In una scena diventata iconica di “Lost in translation”, secondo film da regista di Sofia Coppola, i protagonisti Bill Murray e Scarlett Johansson finiscono col cantare in una stanza karaoke di Tokyo. Sono passati più di vent’anni da quel film, ma se Murray e Johansson capitassero a Bari oggi, potrebbero rifare quella scena alla perfezione. Perché a Bari il karaoke funziona ancora, e pure tanto. D’altronde è la città che ha fatto parlare di sé tutta Italia con quella “Maledetta primavera” urlata nella notte da migliaia di giovani per strada, tema che ha tenuto banco per settimane fra polemiche e denunce di “malamovida”, e teorie per trovare il complicato punto di equilibrio fra il divertimento dei giovani e il riposo dei residenti.
L’allenamento delle ugole, quindi, a Bari pare non mancare, nonostante il karaoke sia fenomeno più che datato, considerato che le sue origini pare risalgano a una sessantina di anni fa, divise fra Stati Uniti e Giappone. E in Italia, nonostante il Fiorello dalla lunga chioma sia un lontano ricordo, quando attraversava le piazze d’Italia con il suo “Karaoke” regalando gli insperati quindici minuti di celebrità (televisivi) proprio a tutti, la voglia di cantare proprio non è passata. A Bari i più attempati ricordano le serate karaoke al fu Kanthòs, ma esistono ancora e anzi, sono frequentatissime e attesissime. Di indirizzi ne esistono diversi, solitamente gli appuntamenti cadono dal giovedì fino al fine settimana. Il Priscio, per esempio, è un locale dove il karaoke è sempre assicurato – e propone spesso una serie di eventi musicali – così come il non lontano Western village accende il microfono solitamente fra il giovedì e il venerdì. D’altronde la tecnologia aiuta, basta avere uno schermo e una connessione internet, i testi delle canzoni si trovano facilmente e il gioco è presto fatto.
Risponde il ristorante-pizzeria Bahari con il suo karaoke, sempre nel fine settimana, anche se il cuore caldo del fenomeno sembra essere nella zona dell’Umbertino – sì, proprio quella “canterina” di “Maledetta primavera”: capita quindi che si levino voci da Pamperi, mentre l’adiacente Panificio Signorile ha di recente inaugurato un format che prevede karaoke in compagnia di una drag queen.

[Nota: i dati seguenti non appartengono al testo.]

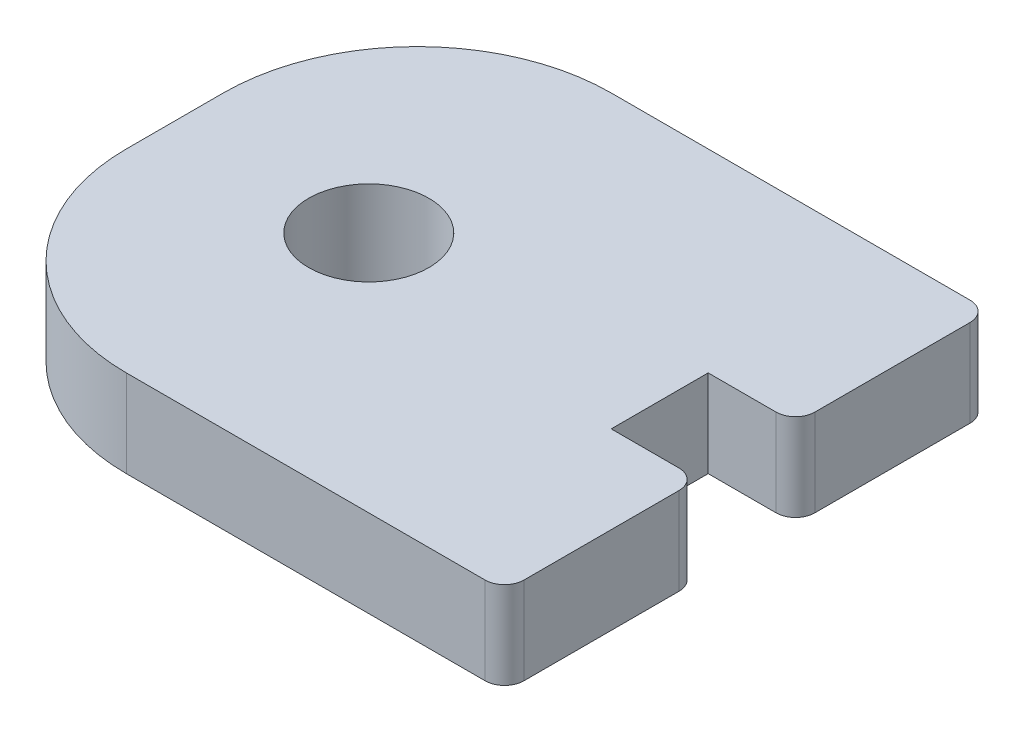
ISO-10303-21;
HEADER;
FILE_DESCRIPTION(('STEP AP214'),'2;1');
FILE_NAME('part.step','',(''),(''),'','','');
FILE_SCHEMA(('AUTOMOTIVE_DESIGN { 1 0 10303 214 1 1 1 1 }'));
ENDSEC;
DATA;
#1=APPLICATION_CONTEXT('core data for automotive mechanical design processes');
#2=APPLICATION_PROTOCOL_DEFINITION('international standard','automotive_design',2000,#1);
#3=PRODUCT_CONTEXT('',#1,'mechanical');
#4=PRODUCT('Part','Part','',(#3));
#5=PRODUCT_RELATED_PRODUCT_CATEGORY('part','',(#4));
#6=PRODUCT_DEFINITION_FORMATION('','',#4);
#7=PRODUCT_DEFINITION_CONTEXT('part definition',#1,'design');
#8=PRODUCT_DEFINITION('design','',#6,#7);
#9=PRODUCT_DEFINITION_SHAPE('','',#8);
#10=(LENGTH_UNIT() NAMED_UNIT(*) SI_UNIT(.MILLI.,.METRE.));
#11=(NAMED_UNIT(*) PLANE_ANGLE_UNIT() SI_UNIT($,.RADIAN.));
#12=(NAMED_UNIT(*) SI_UNIT($,.STERADIAN.) SOLID_ANGLE_UNIT());
#13=UNCERTAINTY_MEASURE_WITH_UNIT(LENGTH_MEASURE(1.E-05),#10,'distance_accuracy_value','');
#14=(GEOMETRIC_REPRESENTATION_CONTEXT(3) GLOBAL_UNCERTAINTY_ASSIGNED_CONTEXT((#13)) GLOBAL_UNIT_ASSIGNED_CONTEXT((#10,
#11,#12)) REPRESENTATION_CONTEXT('',''));
#15=CARTESIAN_POINT('',(0.,0.,0.));
#16=DIRECTION('',(0.,0.,1.));
#17=DIRECTION('',(1.,0.,0.));
#18=AXIS2_PLACEMENT_3D('',#15,#16,#17);
#19=CARTESIAN_POINT('',(28.5,4.5,-24.));
#20=DIRECTION('',(0.,-1.,0.));
#21=DIRECTION('',(0.,0.,-1.));
#22=AXIS2_PLACEMENT_3D('',#19,#20,#21);
#23=PLANE('',#22);
#24=DIRECTION('',(-1.,0.,0.));
#25=VECTOR('',#24,1.);
#26=CARTESIAN_POINT('',(25.,4.5,-25.));
#27=LINE('',#26,#25);
#28=CARTESIAN_POINT('',(28.5,4.5,-25.));
#29=VERTEX_POINT('',#28);
#30=CARTESIAN_POINT('',(10.0000000000001,4.5,-25.));
#31=VERTEX_POINT('',#30);
#32=EDGE_CURVE('E110',#29,#31,#27,.T.);
#33=ORIENTED_EDGE('',*,*,#32,.T.);
#34=CARTESIAN_POINT('',(10.,4.5,-15.));
#35=DIRECTION('',(0.,1.,0.));
#36=DIRECTION('',(0.,0.,-1.));
#37=AXIS2_PLACEMENT_3D('',#34,#35,#36);
#38=CIRCLE('',#37,10.);
#39=CARTESIAN_POINT('',(0.,4.5,-14.9999999999999));
#40=VERTEX_POINT('',#39);
#41=EDGE_CURVE('E271',#31,#40,#38,.T.);
#42=ORIENTED_EDGE('',*,*,#41,.T.);
#43=DIRECTION('',(0.,0.,1.));
#44=VECTOR('',#43,1.);
#45=CARTESIAN_POINT('',(0.,4.5,-10.0000000000001));
#46=LINE('',#45,#44);
#47=CARTESIAN_POINT('',(0.,4.5,-10.0000000000001));
#48=VERTEX_POINT('',#47);
#49=EDGE_CURVE('E227',#40,#48,#46,.T.);
#50=ORIENTED_EDGE('',*,*,#49,.T.);
#51=CARTESIAN_POINT('',(10.,4.5,-10.));
#52=DIRECTION('',(0.,1.,0.));
#53=DIRECTION('',(0.,0.,-1.));
#54=AXIS2_PLACEMENT_3D('',#51,#52,#53);
#55=CIRCLE('',#54,10.);
#56=CARTESIAN_POINT('',(10.0000000000001,4.5,0.));
#57=VERTEX_POINT('',#56);
#58=EDGE_CURVE('E245',#48,#57,#55,.T.);
#59=ORIENTED_EDGE('',*,*,#58,.T.);
#60=DIRECTION('',(1.,0.,0.));
#61=VECTOR('',#60,1.);
#62=CARTESIAN_POINT('',(10.0000000000001,4.5,0.));
#63=LINE('',#62,#61);
#64=CARTESIAN_POINT('',(28.5,4.5,0.));
#65=VERTEX_POINT('',#64);
#66=EDGE_CURVE('E242',#57,#65,#63,.T.);
#67=ORIENTED_EDGE('',*,*,#66,.T.);
#68=CARTESIAN_POINT('',(28.5,4.5,-1.));
#69=DIRECTION('',(0.,1.,0.));
#70=DIRECTION('',(0.,0.,1.));
#71=AXIS2_PLACEMENT_3D('',#68,#69,#70);
#72=CIRCLE('',#71,1.);
#73=CARTESIAN_POINT('',(29.5,4.5,-1.00000000000001));
#74=VERTEX_POINT('',#73);
#75=EDGE_CURVE('E244',#65,#74,#72,.T.);
#76=ORIENTED_EDGE('',*,*,#75,.T.);
#77=DIRECTION('',(0.,0.,-1.));
#78=VECTOR('',#77,1.);
#79=CARTESIAN_POINT('',(29.5,4.5,-1.00000000000001));
#80=LINE('',#79,#78);
#81=CARTESIAN_POINT('',(29.5,4.5,-8.99999999999999));
#82=VERTEX_POINT('',#81);
#83=EDGE_CURVE('E247',#74,#82,#80,.T.);
#84=ORIENTED_EDGE('',*,*,#83,.T.);
#85=CARTESIAN_POINT('',(28.5,4.5,-9.));
#86=DIRECTION('',(0.,1.,0.));
#87=DIRECTION('',(0.,0.,-1.));
#88=AXIS2_PLACEMENT_3D('',#85,#86,#87);
#89=CIRCLE('',#88,1.);
#90=CARTESIAN_POINT('',(28.5,4.5,-10.));
#91=VERTEX_POINT('',#90);
#92=EDGE_CURVE('E253',#82,#91,#89,.T.);
#93=ORIENTED_EDGE('',*,*,#92,.T.);
#94=DIRECTION('',(-1.,0.,0.));
#95=VECTOR('',#94,1.);
#96=CARTESIAN_POINT('',(25.,4.5,-10.));
#97=LINE('',#96,#95);
#98=CARTESIAN_POINT('',(25.,4.5,-10.));
#99=VERTEX_POINT('',#98);
#100=EDGE_CURVE('E255',#91,#99,#97,.T.);
#101=ORIENTED_EDGE('',*,*,#100,.T.);
#102=DIRECTION('',(0.,0.,-1.));
#103=VECTOR('',#102,1.);
#104=CARTESIAN_POINT('',(25.,4.5,-10.));
#105=LINE('',#104,#103);
#106=CARTESIAN_POINT('',(25.,4.5,-15.));
#107=VERTEX_POINT('',#106);
#108=EDGE_CURVE('E257',#99,#107,#105,.T.);
#109=ORIENTED_EDGE('',*,*,#108,.T.);
#110=DIRECTION('',(1.,0.,0.));
#111=VECTOR('',#110,1.);
#112=CARTESIAN_POINT('',(25.,4.5,-15.));
#113=LINE('',#112,#111);
#114=CARTESIAN_POINT('',(28.5,4.5,-15.));
#115=VERTEX_POINT('',#114);
#116=EDGE_CURVE('E148',#107,#115,#113,.T.);
#117=ORIENTED_EDGE('',*,*,#116,.T.);
#118=CARTESIAN_POINT('',(28.5,4.5,-16.));
#119=DIRECTION('',(0.,1.,0.));
#120=DIRECTION('',(0.,0.,1.));
#121=AXIS2_PLACEMENT_3D('',#118,#119,#120);
#122=CIRCLE('',#121,1.);
#123=CARTESIAN_POINT('',(29.5,4.5,-16.));
#124=VERTEX_POINT('',#123);
#125=EDGE_CURVE('E142',#115,#124,#122,.T.);
#126=ORIENTED_EDGE('',*,*,#125,.T.);
#127=DIRECTION('',(0.,0.,-1.));
#128=VECTOR('',#127,1.);
#129=CARTESIAN_POINT('',(29.5,4.5,-24.));
#130=LINE('',#129,#128);
#131=CARTESIAN_POINT('',(29.5,4.5,-24.));
#132=VERTEX_POINT('',#131);
#133=EDGE_CURVE('E146',#124,#132,#130,.T.);
#134=ORIENTED_EDGE('',*,*,#133,.T.);
#135=CARTESIAN_POINT('',(28.5,4.5,-24.));
#136=DIRECTION('',(0.,1.,0.));
#137=DIRECTION('',(0.,0.,-1.));
#138=AXIS2_PLACEMENT_3D('',#135,#136,#137);
#139=CIRCLE('',#138,1.);
#140=EDGE_CURVE('E50',#132,#29,#139,.T.);
#141=ORIENTED_EDGE('',*,*,#140,.T.);
#142=EDGE_LOOP('',(#33,#42,#50,#59,#67,#76,#84,#93,#101,#109,#117,#126,#134,#141));
#143=FACE_BOUND('',#142,.T.);
#144=CARTESIAN_POINT('',(10.,4.5,-12.5));
#145=DIRECTION('',(0.,1.,0.));
#146=DIRECTION('',(0.,0.,1.));
#147=AXIS2_PLACEMENT_3D('',#144,#145,#146);
#148=CIRCLE('',#147,3.1);
#149=CARTESIAN_POINT('',(10.,4.5,-9.4));
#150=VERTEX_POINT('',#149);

Canzoni a squarciagola di tanto in tanto anche da La Iosa, sempre in via Abbrescia, e qui le differenze generazionali a volte balzano all’occhio, con i più giovani che conoscono i brani di Olly a memoria e lasciano muti i più adulti, per poi ritrovarsi a cantare tutti insieme Giorgia, senza farsi prendere dall’ansia dell’età. Ancora sulla stessa strada, karaoke nel menu di Enos – Cantina del gusto, ma la menzione d’onore è per la Caffetteria Costanza, poco distante: anche qui il karaoke va per la maggiore, e spesso vi si danno appuntamento gli studenti Erasmus. Ma a differenza degli altri locali che pubblicizzano le serate tramite i social, da Costanza vige ancora la regola del passaparola. Perché se karaoke deve essere, tanto vale farlo per bene: e quindi tornare indietro e tuffarsi negli anni 90, quando gli appuntamenti ce li si dava a voce, ci si incontrava per caso, e le serate partivano così, senza aver fatto alcun programma.